The COMP’s positive opinion will be sent to the European Commission for final approval of the orphan designation for Arch Biotech’s product AB569. The approval is expected to be completed in the next few weeks.
Arch is now organizing AB569’s manufacturing and toxicology program, and is planning to submit an Investigational New Drug (IND) application to the U.S. FDA in 2016. The FDA recently granted AB569 Orphan Drug status for the treatment of antibiotic resistant Pseudomonas aeruginosa pulmonary infections in CF patients.
P. aeruginosa is a major cause of bacterial respiratory infections in patients with CF or chronic obstructive pulmonary disease (COPD), as well as a common cause of pneumonia. Since CF patients are more predisposed to lung infections – given an abnormal mucus production in the lungs and airways – P. aeruginosa infections are common, being present in up to 40 percent of patients between 6 and 10 years old. By the age of 17, the frequency of P. aeruginosa infections increases to 60 percent, and between 25 and 34 years old, the frequency reaches nearly 75 percent.

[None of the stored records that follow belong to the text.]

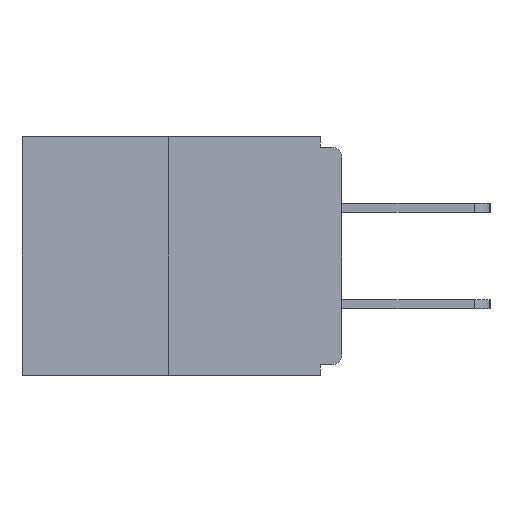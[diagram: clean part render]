
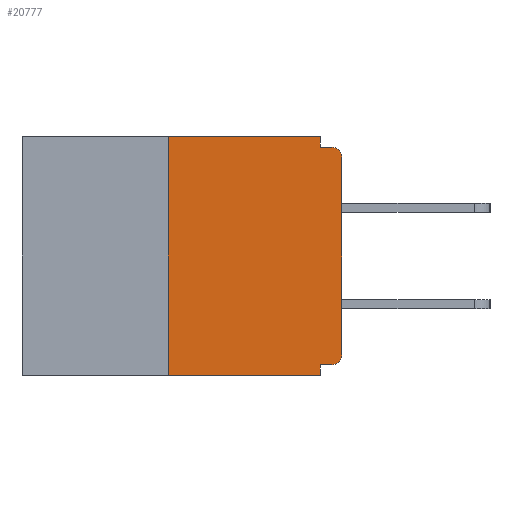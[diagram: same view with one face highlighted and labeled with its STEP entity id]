
A CAD part, left-side view. The second image highlights one B-rep face of the part: STEP entity #20777.
In plain terms, the highlighted planar face has unit normal (-1, 0, 0).
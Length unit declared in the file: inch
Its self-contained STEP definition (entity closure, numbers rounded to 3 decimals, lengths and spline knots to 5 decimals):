
#289 = FACE_OUTER_BOUND ( 'NONE', #5849, .T. ) ;
#2254 = EDGE_CURVE ( 'NONE', #15946, #15461, #7659, .T. ) ;
#2730 = CARTESIAN_POINT ( 'NONE',  ( 0., 0.25, -0.343 ) ) ;
#3175 = VECTOR ( 'NONE', #24174, 39.37008 ) ;
#3177 = EDGE_CURVE ( 'NONE', #3194, #18381, #11607, .T. ) ;
#3194 = VERTEX_POINT ( 'NONE', #9168 ) ;
#3588 = VECTOR ( 'NONE', #5961, 39.37008 ) ;
#4003 = CIRCLE ( 'NONE', #9960, 0.015 ) ;
#4079 = VERTEX_POINT ( 'NONE', #15621 ) ;
#4403 = VECTOR ( 'NONE', #19428, 39.37008 ) ;
#4876 = VECTOR ( 'NONE', #12025, 39.37008 ) ;
#5246 = EDGE_CURVE ( 'NONE', #19550, #7342, #10908, .T. ) ;
#5318 = LINE ( 'NONE', #20192, #3175 ) ;
#5591 = CARTESIAN_POINT ( 'NONE',  ( 0., 0.031, 0. ) ) ;
#5849 = EDGE_LOOP ( 'NONE', ( #24313, #25416, #13107, #9395, #10184, #9625, #9441, #8828, #6310, #22700 ) ) ;
#5961 = DIRECTION ( 'NONE',  ( 0., -1., 0. ) ) ;
#6127 = EDGE_CURVE ( 'NONE', #15461, #16067, #5318, .T. ) ;
#6190 = DIRECTION ( 'NONE',  ( 0., 0., -1. ) ) ;
#6310 = ORIENTED_EDGE ( 'NONE', *, *, #3177, .F. ) ;
#6471 = PLANE ( 'NONE',  #20823 ) ;
#6625 = CARTESIAN_POINT ( 'NONE',  ( 0., 0.46, 0. ) ) ;
#6965 = DIRECTION ( 'NONE',  ( 0., -1., 0. ) ) ;
#7342 = VERTEX_POINT ( 'NONE', #13487 ) ;
#7456 = LINE ( 'NONE', #20755, #18606 ) ;
#7476 = CARTESIAN_POINT ( 'NONE',  ( 0., 0., -0.313 ) ) ;
#7659 = LINE ( 'NONE', #21493, #4876 ) ;
#8513 = VECTOR ( 'NONE', #14878, 39.37008 ) ;
#8828 = ORIENTED_EDGE ( 'NONE', *, *, #15196, .T. ) ;
#9168 = CARTESIAN_POINT ( 'NONE',  ( 0., 0.031, -0.015 ) ) ;
#9202 = CARTESIAN_POINT ( 'NONE',  ( 0., 0.031, -0.343 ) ) ;
#9395 = ORIENTED_EDGE ( 'NONE', *, *, #6127, .F. ) ;
#9441 = ORIENTED_EDGE ( 'NONE', *, *, #23586, .T. ) ;
#9625 = ORIENTED_EDGE ( 'NONE', *, *, #13082, .T. ) ;
#9960 = AXIS2_PLACEMENT_3D ( 'NONE', #15843, #11944, #6190 ) ;
#10086 = EDGE_CURVE ( 'NONE', #19550, #16067, #22475, .T. ) ;
#10184 = ORIENTED_EDGE ( 'NONE', *, *, #2254, .F. ) ;
#10908 = LINE ( 'NONE', #13950, #25147 ) ;
#11607 = LINE ( 'NONE', #20781, #8513 ) ;
#11944 = DIRECTION ( 'NONE',  ( -1., 0., 0. ) ) ;
#12025 = DIRECTION ( 'NONE',  ( 0., 1., 0. ) ) ;
#12719 = LINE ( 'NONE', #5591, #4403 ) ;
#12761 = CARTESIAN_POINT ( 'NONE',  ( 0., 0.46, 0. ) ) ;
#13082 = EDGE_CURVE ( 'NONE', #15946, #19905, #13693, .T. ) ;
#13107 = ORIENTED_EDGE ( 'NONE', *, *, #10086, .T. ) ;
#13310 = DIRECTION ( 'NONE',  ( 0., 0., -1. ) ) ;
#13487 = CARTESIAN_POINT ( 'NONE',  ( 0., 0.25, 0. ) ) ;
#13693 = CIRCLE ( 'NONE', #22356, 0.015 ) ;
#13950 = CARTESIAN_POINT ( 'NONE',  ( 0., 0.25, 0. ) ) ;
#14029 = DIRECTION ( 'NONE',  ( 0., 0., 1. ) ) ;
#14878 = DIRECTION ( 'NONE',  ( 0., -1., 0. ) ) ;
#15196 = EDGE_CURVE ( 'NONE', #23617, #18381, #4003, .T. ) ;
#15461 = VERTEX_POINT ( 'NONE', #23102 ) ;
#15621 = CARTESIAN_POINT ( 'NONE',  ( 0., 0.031, 0. ) ) ;
#15843 = CARTESIAN_POINT ( 'NONE',  ( 0., 0.015, -0.03 ) ) ;
#15946 = VERTEX_POINT ( 'NONE', #16658 ) ;
#16067 = VERTEX_POINT ( 'NONE', #9202 ) ;
#16658 = CARTESIAN_POINT ( 'NONE',  ( 0., 0.015, -0.328 ) ) ;
#16899 = EDGE_CURVE ( 'NONE', #7342, #4079, #19666, .T. ) ;
#18381 = VERTEX_POINT ( 'NONE', #22390 ) ;
#18529 = DIRECTION ( 'NONE',  ( 0., 0., 1. ) ) ;
#18606 = VECTOR ( 'NONE', #18529, 39.37008 ) ;
#18618 = EDGE_CURVE ( 'NONE', #4079, #3194, #12719, .T. ) ;
#18666 = DIRECTION ( 'NONE',  ( 1., 0., 0. ) ) ;
#19428 = DIRECTION ( 'NONE',  ( 0., 0., -1. ) ) ;
#19493 = CARTESIAN_POINT ( 'NONE',  ( 0., 0.015, -0.313 ) ) ;
#19550 = VERTEX_POINT ( 'NONE', #2730 ) ;
#19666 = LINE ( 'NONE', #6625, #23687 ) ;
#19905 = VERTEX_POINT ( 'NONE', #7476 ) ;
#20192 = CARTESIAN_POINT ( 'NONE',  ( 0., 0.031, -0.343 ) ) ;
#20671 = CARTESIAN_POINT ( 'NONE',  ( 0., 0., -0.03 ) ) ;
#20755 = CARTESIAN_POINT ( 'NONE',  ( 0., 0., 0. ) ) ;
#20777 = ADVANCED_FACE ( 'NONE', ( #289 ), #6471, .F. ) ;
#20781 = CARTESIAN_POINT ( 'NONE',  ( 0., 0., -0.015 ) ) ;
#20823 = AXIS2_PLACEMENT_3D ( 'NONE', #12761, #18666, #24292 ) ;
#21493 = CARTESIAN_POINT ( 'NONE',  ( 0., 0., -0.328 ) ) ;
#22356 = AXIS2_PLACEMENT_3D ( 'NONE', #19493, #25525, #13310 ) ;
#22390 = CARTESIAN_POINT ( 'NONE',  ( 0., 0.015, -0.015 ) ) ;
#22475 = LINE ( 'NONE', #23846, #3588 ) ;
#22700 = ORIENTED_EDGE ( 'NONE', *, *, #18618, .F. ) ;
#23102 = CARTESIAN_POINT ( 'NONE',  ( 0., 0.031, -0.328 ) ) ;
#23586 = EDGE_CURVE ( 'NONE', #19905, #23617, #7456, .T. ) ;
#23617 = VERTEX_POINT ( 'NONE', #20671 ) ;
#23687 = VECTOR ( 'NONE', #6965, 39.37008 ) ;
#23846 = CARTESIAN_POINT ( 'NONE',  ( 0., 0.46, -0.343 ) ) ;
#24174 = DIRECTION ( 'NONE',  ( 0., 0., -1. ) ) ;
#24292 = DIRECTION ( 'NONE',  ( 0., 0., -1. ) ) ;
#24313 = ORIENTED_EDGE ( 'NONE', *, *, #16899, .F. ) ;
#25147 = VECTOR ( 'NONE', #14029, 39.37008 ) ;
#25416 = ORIENTED_EDGE ( 'NONE', *, *, #5246, .F. ) ;
#25525 = DIRECTION ( 'NONE',  ( -1., 0., 0. ) ) ;
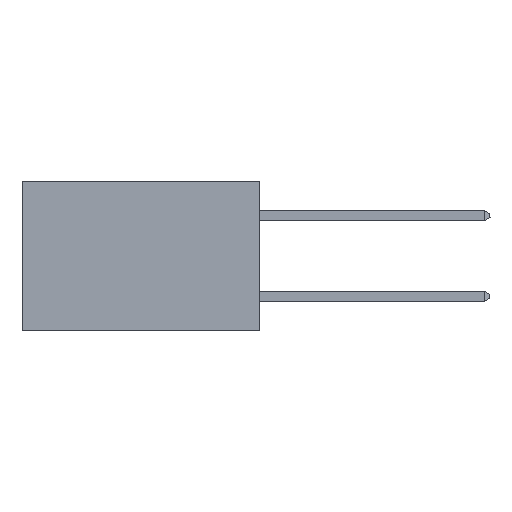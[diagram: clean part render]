
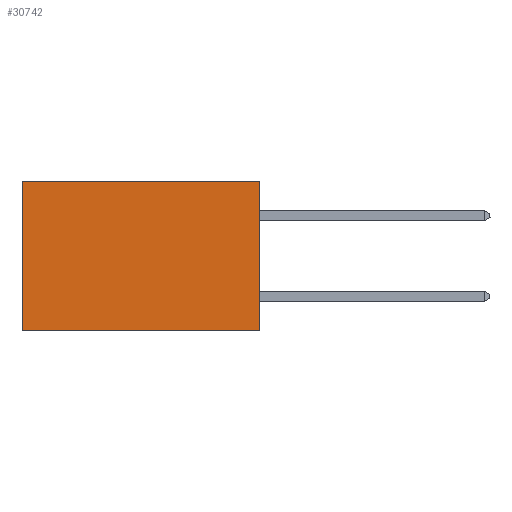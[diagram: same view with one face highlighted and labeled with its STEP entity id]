
A CAD part, left-side view. The second image highlights one B-rep face of the part: STEP entity #30742.
In plain terms, the highlighted planar face has unit normal (-1, 0, 0).
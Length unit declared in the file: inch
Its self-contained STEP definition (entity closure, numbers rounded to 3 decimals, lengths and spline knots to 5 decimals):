
#1343 = VERTEX_POINT ( 'NONE', #19444 ) ;
#2401 = EDGE_CURVE ( 'NONE', #16531, #4138, #33649, .T. ) ;
#4138 = VERTEX_POINT ( 'NONE', #29388 ) ;
#6017 = VECTOR ( 'NONE', #21326, 39.37008 ) ;
#6315 = LINE ( 'NONE', #23751, #19663 ) ;
#6542 = CARTESIAN_POINT ( 'NONE',  ( 0.277, 0.59, 0. ) ) ;
#6941 = FACE_OUTER_BOUND ( 'NONE', #13527, .T. ) ;
#9599 = PLANE ( 'NONE',  #15210 ) ;
#10927 = ORIENTED_EDGE ( 'NONE', *, *, #24185, .F. ) ;
#11822 = DIRECTION ( 'NONE',  ( 0., 0., -1. ) ) ;
#11942 = CARTESIAN_POINT ( 'NONE',  ( 0.277, 0., -0.37 ) ) ;
#13527 = EDGE_LOOP ( 'NONE', ( #20525, #16148, #10927, #25464 ) ) ;
#14994 = DIRECTION ( 'NONE',  ( 0., 0., -1. ) ) ;
#15210 = AXIS2_PLACEMENT_3D ( 'NONE', #27911, #30410, #14994 ) ;
#16148 = ORIENTED_EDGE ( 'NONE', *, *, #2401, .F. ) ;
#16531 = VERTEX_POINT ( 'NONE', #11942 ) ;
#17987 = VERTEX_POINT ( 'NONE', #6542 ) ;
#19444 = CARTESIAN_POINT ( 'NONE',  ( 0.277, 0., 0. ) ) ;
#19663 = VECTOR ( 'NONE', #28843, 39.37008 ) ;
#19721 = CARTESIAN_POINT ( 'NONE',  ( 0.277, 0.59, -0.37 ) ) ;
#19866 = EDGE_CURVE ( 'NONE', #1343, #17987, #32305, .T. ) ;
#20525 = ORIENTED_EDGE ( 'NONE', *, *, #31607, .T. ) ;
#21326 = DIRECTION ( 'NONE',  ( 0., 1., 0. ) ) ;
#23138 = LINE ( 'NONE', #19721, #30163 ) ;
#23284 = CARTESIAN_POINT ( 'NONE',  ( 0.277, 0., -0.37 ) ) ;
#23751 = CARTESIAN_POINT ( 'NONE',  ( 0.277, 0., -0.37 ) ) ;
#24185 = EDGE_CURVE ( 'NONE', #1343, #16531, #6315, .T. ) ;
#25464 = ORIENTED_EDGE ( 'NONE', *, *, #19866, .T. ) ;
#26406 = VECTOR ( 'NONE', #31636, 39.37008 ) ;
#26594 = CARTESIAN_POINT ( 'NONE',  ( 0.277, 0., 0. ) ) ;
#27911 = CARTESIAN_POINT ( 'NONE',  ( 0.277, 0., -0.37 ) ) ;
#28843 = DIRECTION ( 'NONE',  ( 0., 0., -1. ) ) ;
#29388 = CARTESIAN_POINT ( 'NONE',  ( 0.277, 0.59, -0.37 ) ) ;
#30163 = VECTOR ( 'NONE', #11822, 39.37008 ) ;
#30410 = DIRECTION ( 'NONE',  ( 1., 0., 0. ) ) ;
#30742 = ADVANCED_FACE ( 'NONE', ( #6941 ), #9599, .F. ) ;
#31607 = EDGE_CURVE ( 'NONE', #17987, #4138, #23138, .T. ) ;
#31636 = DIRECTION ( 'NONE',  ( 0., 1., 0. ) ) ;
#32305 = LINE ( 'NONE', #26594, #26406 ) ;
#33649 = LINE ( 'NONE', #23284, #6017 ) ;
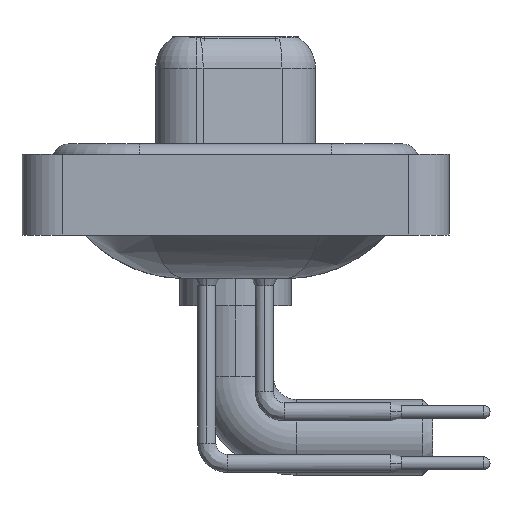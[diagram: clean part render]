
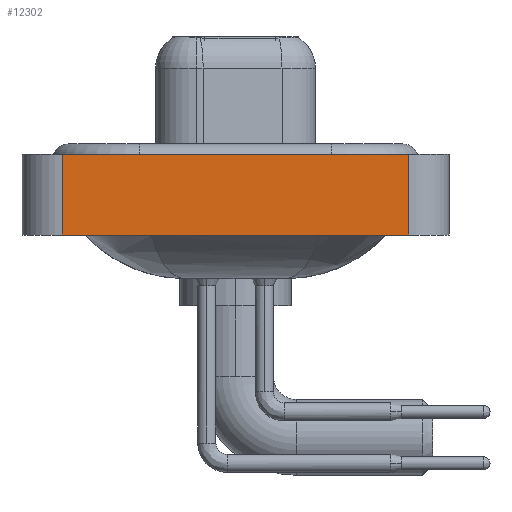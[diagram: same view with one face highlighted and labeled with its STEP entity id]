
A CAD part, left-side view. The second image highlights one B-rep face of the part: STEP entity #12302.
In plain terms, the highlighted planar face has unit normal (-1, 0, 0).
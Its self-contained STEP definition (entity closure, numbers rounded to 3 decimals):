
#582 = CARTESIAN_POINT ( 'NONE',  ( -7.3, 8.55, 0.4 ) ) ;
#676 = DIRECTION ( 'NONE',  ( -1., 0., 0. ) ) ;
#2109 = VERTEX_POINT ( 'NONE', #6338 ) ;
#2579 = LINE ( 'NONE', #5613, #11020 ) ;
#2845 = CARTESIAN_POINT ( 'NONE',  ( -7.3, 8.55, -3.6 ) ) ;
#2897 = CARTESIAN_POINT ( 'NONE',  ( -7.3, 8.55, -3.6 ) ) ;
#2934 = EDGE_CURVE ( 'NONE', #4146, #2109, #2579, .T. ) ;
#4146 = VERTEX_POINT ( 'NONE', #8092 ) ;
#4846 = EDGE_LOOP ( 'NONE', ( #12628, #10333, #7640, #14711 ) ) ;
#5613 = CARTESIAN_POINT ( 'NONE',  ( -7.3, -8.55, -3.6 ) ) ;
#5783 = VERTEX_POINT ( 'NONE', #582 ) ;
#6338 = CARTESIAN_POINT ( 'NONE',  ( -7.3, -8.55, 0.4 ) ) ;
#6369 = VECTOR ( 'NONE', #18248, 1000. ) ;
#7221 = DIRECTION ( 'NONE',  ( 0., -1., 0. ) ) ;
#7640 = ORIENTED_EDGE ( 'NONE', *, *, #9861, .F. ) ;
#8092 = CARTESIAN_POINT ( 'NONE',  ( -7.3, -8.55, -3.6 ) ) ;
#9240 = PLANE ( 'NONE',  #22042 ) ;
#9298 = LINE ( 'NONE', #19200, #12912 ) ;
#9682 = VECTOR ( 'NONE', #7221, 1000. ) ;
#9861 = EDGE_CURVE ( 'NONE', #12915, #5783, #14653, .T. ) ;
#10333 = ORIENTED_EDGE ( 'NONE', *, *, #17578, .F. ) ;
#11020 = VECTOR ( 'NONE', #14279, 1000. ) ;
#12300 = CARTESIAN_POINT ( 'NONE',  ( -7.3, -8.55, -3.6 ) ) ;
#12302 = ADVANCED_FACE ( 'NONE', ( #12826 ), #9240, .T. ) ;
#12628 = ORIENTED_EDGE ( 'NONE', *, *, #2934, .T. ) ;
#12826 = FACE_OUTER_BOUND ( 'NONE', #4846, .T. ) ;
#12912 = VECTOR ( 'NONE', #20601, 1000. ) ;
#12915 = VERTEX_POINT ( 'NONE', #2897 ) ;
#14279 = DIRECTION ( 'NONE',  ( 0., 0., 1. ) ) ;
#14653 = LINE ( 'NONE', #2845, #6369 ) ;
#14711 = ORIENTED_EDGE ( 'NONE', *, *, #19274, .T. ) ;
#15865 = DIRECTION ( 'NONE',  ( 0., 0., 1. ) ) ;
#16086 = CARTESIAN_POINT ( 'NONE',  ( -7.3, -8.55, -3.6 ) ) ;
#17578 = EDGE_CURVE ( 'NONE', #5783, #2109, #9298, .T. ) ;
#18248 = DIRECTION ( 'NONE',  ( 0., 0., 1. ) ) ;
#19200 = CARTESIAN_POINT ( 'NONE',  ( -7.3, -8.55, 0.4 ) ) ;
#19274 = EDGE_CURVE ( 'NONE', #12915, #4146, #20857, .T. ) ;
#20601 = DIRECTION ( 'NONE',  ( 0., -1., 0. ) ) ;
#20857 = LINE ( 'NONE', #12300, #9682 ) ;
#22042 = AXIS2_PLACEMENT_3D ( 'NONE', #16086, #676, #15865 ) ;

The mucoid form of P. aeruginosa is often found in patients suffering from CF, and is a very difficult infection to treat, mostly due to its high antibiotics resistance and phagocyte-mediated killing. As soon as patients develop this mucoid form of P. aeruginosa infection, their general lung function quickly declines. AB569 is an investigational potential treatment for both mucoid and non-mucoid pulmonary infections that are antibiotic-resistant.
“The positive opinion by the COMP in favor of orphan medicinal status for the treatment of CF is indicative of the clinical need to combat antibiotic resistant airway infections often found in CF patients,” Dr. Daniel Muruve, Arch’s chief science officer, said in a press release.
CF affects almost one person per every 10,000 citizens of the European Union throughout all its 27 countries, which is well below the orphan drug limit.
This particular Orphan Medicinal Product designation recommendation includes the two AB569 active ingredients: sodium nitrite and ethylenediaminetetraacetic acid (EDTA).
AB569 was first discovered by Dr. Daniel Hassett at the University of Cincinnati College of Medicine as a treatment for antibiotic-resistant bacterial lung infections – a persistent problem in CF patients.
“This very positive development will serve to accelerate our transition into CF clinical trials that are already planned at the University of Cincinnati and Cincinnati Children’s Hospital,” Hassett said.